** DATA follows **

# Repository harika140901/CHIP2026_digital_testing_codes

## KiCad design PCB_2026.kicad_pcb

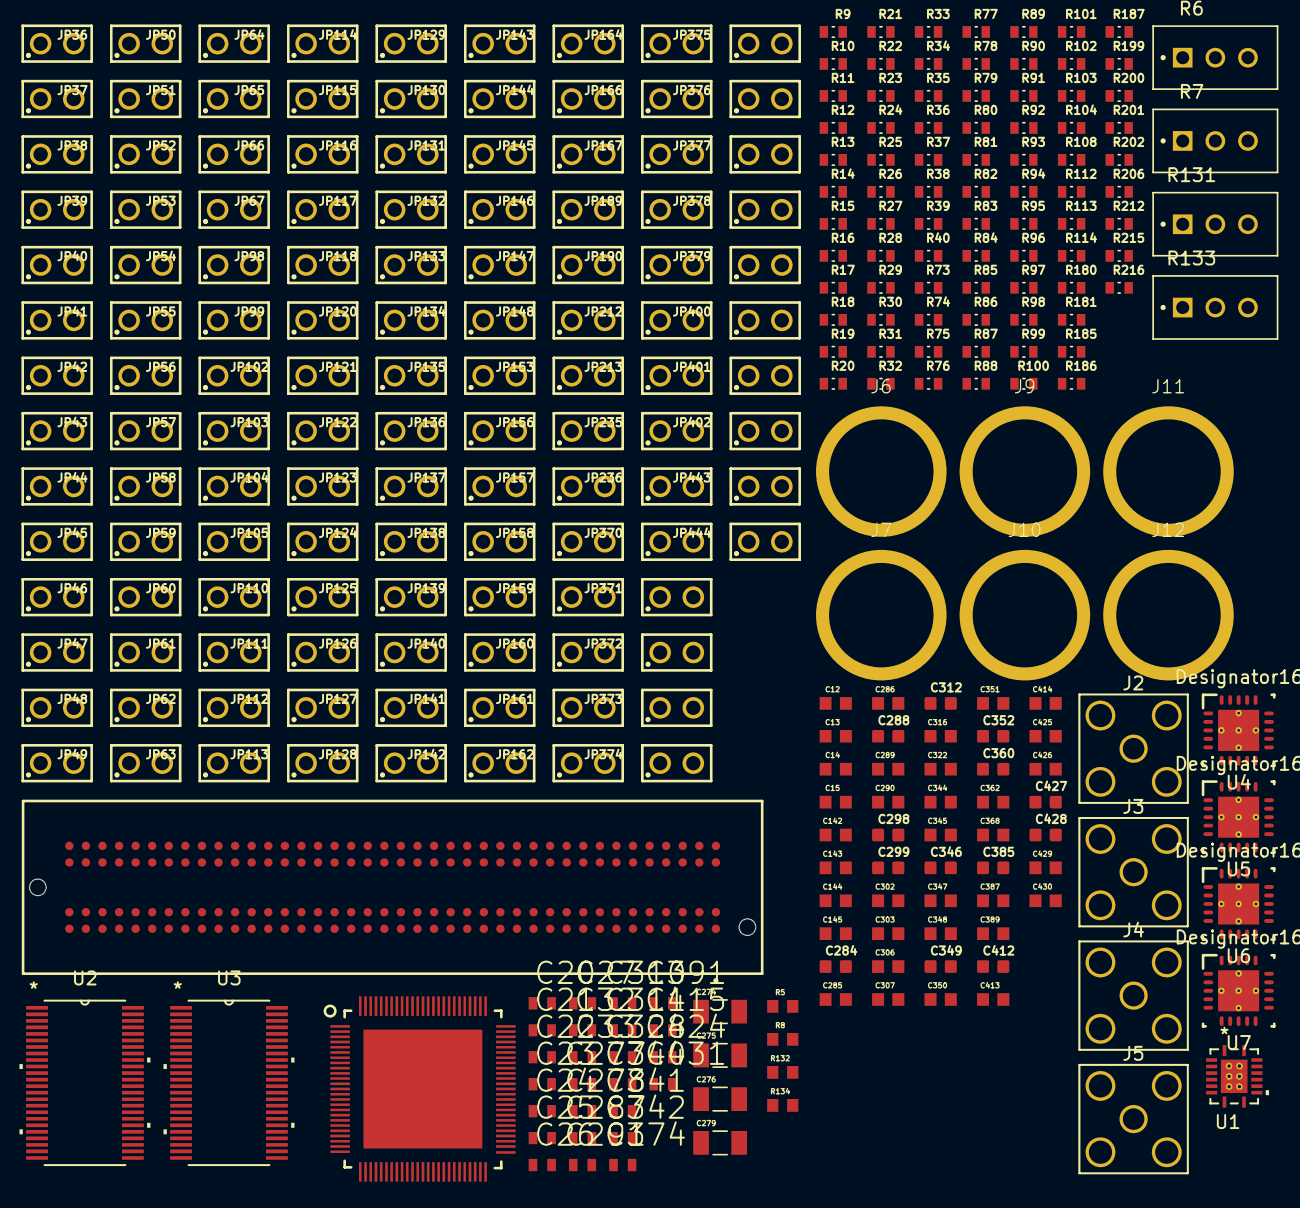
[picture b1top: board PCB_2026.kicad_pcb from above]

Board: 2 copper layers, 306 parts (0 on the bottom side), 260 nets, no tracks yet.

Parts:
C12, C14, C142, C144: 4.7u; CAPC1608X90N
C13, C15, C143, C145, C286, C290, C306, C307, C322, C345, C348, C351, C368, C389, C414, C425, C430: 1n; CAPC1608X90N
C20, C21, C22, C23, C24, C25, C26, C27, C32, C33: 1uF; CAPC1608X90N
C274, C275, C276, C279: C100u; CAPC3216X180N
C277, C278, C287, C291, C310, C311, C328, C340, C341, C342, C374, C391, C415, C424, C431: 1u; CAPC1608X90N
C284, C288, C298, C299, C312, C346, C349, C352, C360, C385, C412, C427, C428: 10n; CAPC1608X90N
C285, C289, C302, C303, C316, C344, C347, C350, C362, C387, C413, C426, C429: 100n; CAPC1608X90N
J1: ASP-134603-01; CONN160_4603-01_SAI
J2, J3, J4, J5: 142-0701-201; CONN_142-0701-201_CIN
J6, J7, J9, J10, J11, J12: BJACK
JP6, JP7, JP22, JP23, JP24, JP25, JP26, JP29, JP30, JP31, JP32, JP33, JP34, JP35, JP36, JP37, JP38, JP39, JP40, JP41, JP42, JP43, JP44, JP45, JP46, JP47, JP48, JP49, JP50, JP51, JP52, JP53, JP54, JP55, JP56, JP57, JP58, JP59, JP60, JP61, JP62, JP63, JP64, JP65, JP66, JP67, JP98, JP99, JP102, JP103, JP104, JP105, JP110, JP111, JP112, JP113, JP114, JP115, JP116, JP117, JP118, JP120, JP121, JP122, JP123, JP124, JP125, JP126, JP127, JP128, JP129, JP130, JP131, JP132, JP133, JP134, JP135, JP136, JP137, JP138, JP139, JP140, JP141, JP142, JP143, JP144, JP145, JP146, JP147, JP148, JP153, JP156, JP157, JP158, JP159, JP160, JP161, JP162, JP164, JP166, JP167, JP189, JP190, JP212, JP213, JP235, JP236, JP370, JP371, JP372, JP373, JP374, JP375, JP376, JP377, JP378, JP379, JP400, JP401, JP402, JP443, JP444: Jumper; 61300211121
R5, R8, R132, R134: 1kOhm; RESC1508X50N
R6: 2kOhms; TRIM_PV36W253C01B00
R7: 200 Ohms; TRIM_PV36W253C01B00
R9, R10, R11, R12, R13, R14, R15, R16, R17, R18, R19, R20, R21, R22, R23, R24, R25, R26, R27, R28, R29, R30, R31, R32, R33, R34, R35, R36, R37, R38, R39, R40, R73, R74, R75, R76, R77, R78, R79, R80, R81, R82, R83, R84, R85, R86, R87, R88, R89, R90, R91, R92, R93, R94, R95, R96, R97, R98, R99, R100, R101, R102, R103, R104, R108, R112, R113, R114: 10 ohm 1%; RES_ERJ3EKF10R0V
R131, R133: 5kOhms; TRIM_PV36W502C01B00
R180, R181, R185, R186, R187, R199, R200, R201, R202, R206, R212, R215, R216: 1 ohm 0603; RES_ERJ3EKF10R0V
U1: SN74AVC4T245RGYR; RGY16_2P55X2P05
U2, U3: SN74AVCH16T245GR; DGG48
U4, U5, U6, U7: TPS74401RGWT; RGW0020A
U43: QFN80

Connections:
/BL_PCHG: J1.102, JP116.1
/BL_PCHG_Q: JP140.2, U43.73 (BL_PCHG)
/CLKA: J1.107, JP117.1
/CLKB: J1.108, JP118.1
/CLK_NEG_Q: C278.2, U43.49 (CLK_NEG)
/CLK_OUT_PAD: J1.57, JP66.1
/CLK_OUT_PAD_Q: JP124.2, U43.41 (CLK_OUT_PAD)
/CLK_POS_Q: C277.2, U43.48 (CLK_POS)
/CLK_SA_B: J1.58, JP67.1
/CLK_SA_B_Q: JP125.2, U43.55 (CLK_SA_B)
/CLK_conn_+: C277.1, J2.1
/CLK_conn_-: C278.1, J3.1
/COMPUTE_EN: J1.10, JP34.1
/COMPUTE_EN_Q: JP50.2, U43.17 (COMPUTE_EN)
/CONTROL_EN: J1.27, JP43.1
/CONTROL_EN_Q: JP59.2, U43.34 (CONTROL_EN)
/CS_B<0>: J1.92, JP114.1
/CS_B<0>_Q: JP132.2, U43.69 (CS_B<0>)
/CS_B<1>: J1.90, JP113.1
/CS_B<1>_Q: JP131.2, U43.67 (CS_B<1>)
/DEBUG_SC_OUT<0>: J1.125, JP136.1
/DEBUG_SC_OUT<0>_Q: JP160.1, U43.28 (DEBUG_SC_OUT<0>)
/DEBUG_SC_OUT<1>: J1.124, JP144.1
/DEBUG_SC_OUT<1>_Q: JP162.1, U43.29 (DEBUG_SC_OUT<1>)
/EN_U4: JP26.1, U4.11 (EN)
/EN_U5: JP33.1, U5.11 (EN)
/EN_U41: JP374.1, U6.11 (EN)
/EN_U42: JP379.1, U7.11 (EN)
/FreqNegOut_Q: J5.1, U43.93 (FreqNegOut)
/FreqPosOut_Q: J4.1, U43.94 (FreqPosOut)
/MUX_OUT_PAD: J1.26, JP42.1
/MUX_OUT_PAD_Q: JP58.2, U43.33 (MUX_OUT_PAD)
/READ_EN: J1.61, JP103.1
/READ_EN_Q: JP127.2, U43.59 (READ_EN)
/SAMPLE_EDGE_TIME<0>: J1.51, JP46.1
/SAMPLE_EDGE_TIME<0>_Q: JP62.2, U43.37 (SAMPLE_EDGE_TIME<0>)
/SAMPLE_EDGE_TIME<1>: J1.52, JP47.1
/SAMPLE_EDGE_TIME<1>_Q: JP63.2, U43.38 (SAMPLE_EDGE_TIME<1>)
/SAMPLE_EDGE_TIME<2>: J1.54, JP48.1
/SAMPLE_EDGE_TIME<2>_Q: JP64.2, U43.39 (SAMPLE_EDGE_TIME<2>)
/SAMPLE_EDGE_TIME<3>: J1.55, JP49.1
/SAMPLE_EDGE_TIME<3>_Q: JP65.2, U43.40 (SAMPLE_EDGE_TIME<3>)
/SA_EN: J1.93, JP115.1
/SA_EN_Q: JP133.2, U43.71 (SA_EN)
/SCN_OUT: J1.127, JP137.1
/SCN_OUT_Q: JP161.1, U43.27 (SCN_OUT)
/SCN_SEL<0>: J1.86, JP110.1
/SCN_SEL<0>_Q: JP128.2, U43.65 (SCN_SEL<0>)
/SCN_SEL<1>: J1.87, JP111.1
/SCN_SEL<1>_Q: JP129.2, U43.63 (SCN_SEL<1>)
/SCN_SEL<2>: J1.89, JP112.1
/SCN_SEL<2>_Q: JP130.2, U43.61 (SCN_SEL<2>)
/VCCA_DIG_LS: JP104.1, JP105.1, JP147.1, JP148.1, JP158.1, JP159.1, JP164.1, JP372.2, JP373.2
/VCCB_DIG_LS: C22.1, C23.1, C24.1, C25.1, JP153.1, JP377.2, JP378.2, U2.7 (VCCB), U2.18 (VCCB), U3.7 (VCCB), U3.18 (VCCB)
/VDDA_0.9V: C288.1, C289.1, C290.1, C291.1, C298.1, C302.1, C306.1, C310.1, C340.1, C341.1, C342.1, C344.1, C345.1, C346.1, C347.1, C348.1, C349.1, C350.1, C351.1, C352.1, C424.1, C425.1, C426.1, C427.1, C428.1, C429.1, C430.1, C431.1, JP31.2, JP32.2, R181.1, R185.1, R200.1, R201.1, R202.1, R215.1, R216.2
/VDDA_chip: R181.2, R185.2, R200.2, R201.2, R202.2, R215.2, R216.1, U43.3 (vdda), U43.13 (vdda), U43.26 (vdda), U43.51 (vdda), U43.81 (vdda), U43.85 (vdda), U43.89 (vdda)
/VDDQ_1.8V: C284.1, C285.1, C286.1, C287.1, C299.1, C303.1, C307.1, C311.1, C312.1, C316.1, C322.1, C328.1, C360.1, C362.1, C368.1, C374.1, C385.1, C387.1, C389.1, C391.1, C412.1, C413.1, C414.1, C415.1, JP24.2, JP25.2, R180.1, R186.1, R187.1, R199.2, R206.2, R212.1
/VDD_5V: C275.1, JP7.2, JP401.2, JP443.1, JP444.1
/VDD_5VD: C276.1, JP143.2, JP370.2, JP371.2, JP374.2, JP375.2, JP376.2, JP379.2, JP402.2, JP443.2, JP444.2
/VDD_5VD_JACK: J7.1 (1_1), JP143.1, JP402.1
/VDD_5V_JACK: J11.1 (1_1), JP7.1, JP401.1
/VDD_5V_U4: C12.1, JP22.1, JP23.1, U4.5 (IN), U4.6 (IN), U4.7 (IN), U4.8 (IN), U4.10 (BIAS)
/VDD_5V_U5: C14.1, JP29.1, JP30.1, U5.5 (IN), U5.6 (IN), U5.7 (IN), U5.8 (IN), U5.10 (BIAS)
/VDD_5V_U41: C142.1, JP370.1, JP371.1, U6.5 (IN), U6.6 (IN), U6.7 (IN), U6.8 (IN), U6.10 (BIAS)
/VDD_5V_U42: C144.1, JP375.1, JP376.1, U7.5 (IN), U7.6 (IN), U7.7 (IN), U7.8 (IN), U7.10 (BIAS)
/VDD_5V_a: C274.1, JP6.2, JP22.2, JP23.2, JP26.2, JP29.2, JP30.2, JP33.2, JP400.2
/VDD_5V_a_JACK: J6.1 (1_1), JP6.1, JP400.1
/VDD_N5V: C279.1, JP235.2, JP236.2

** End of DATA **

*INSTRUCTIONS TO FOLLOW:*
Tail of the listing, starting at the line with "JP30.2, JP33.2, JP400.2" and ending at the last line: output it exactly and add nothing.

*ANSWER FOR THIS EXERCISE:*
/VDD_5V_a: C274.1, JP6.2, JP22.2, JP23.2, JP26.2, JP29.2, JP30.2, JP33.2, JP400.2
/VDD_5V_a_JACK: J6.1 (1_1), JP6.1, JP400.1
/VDD_N5V: C279.1, JP235.2, JP236.2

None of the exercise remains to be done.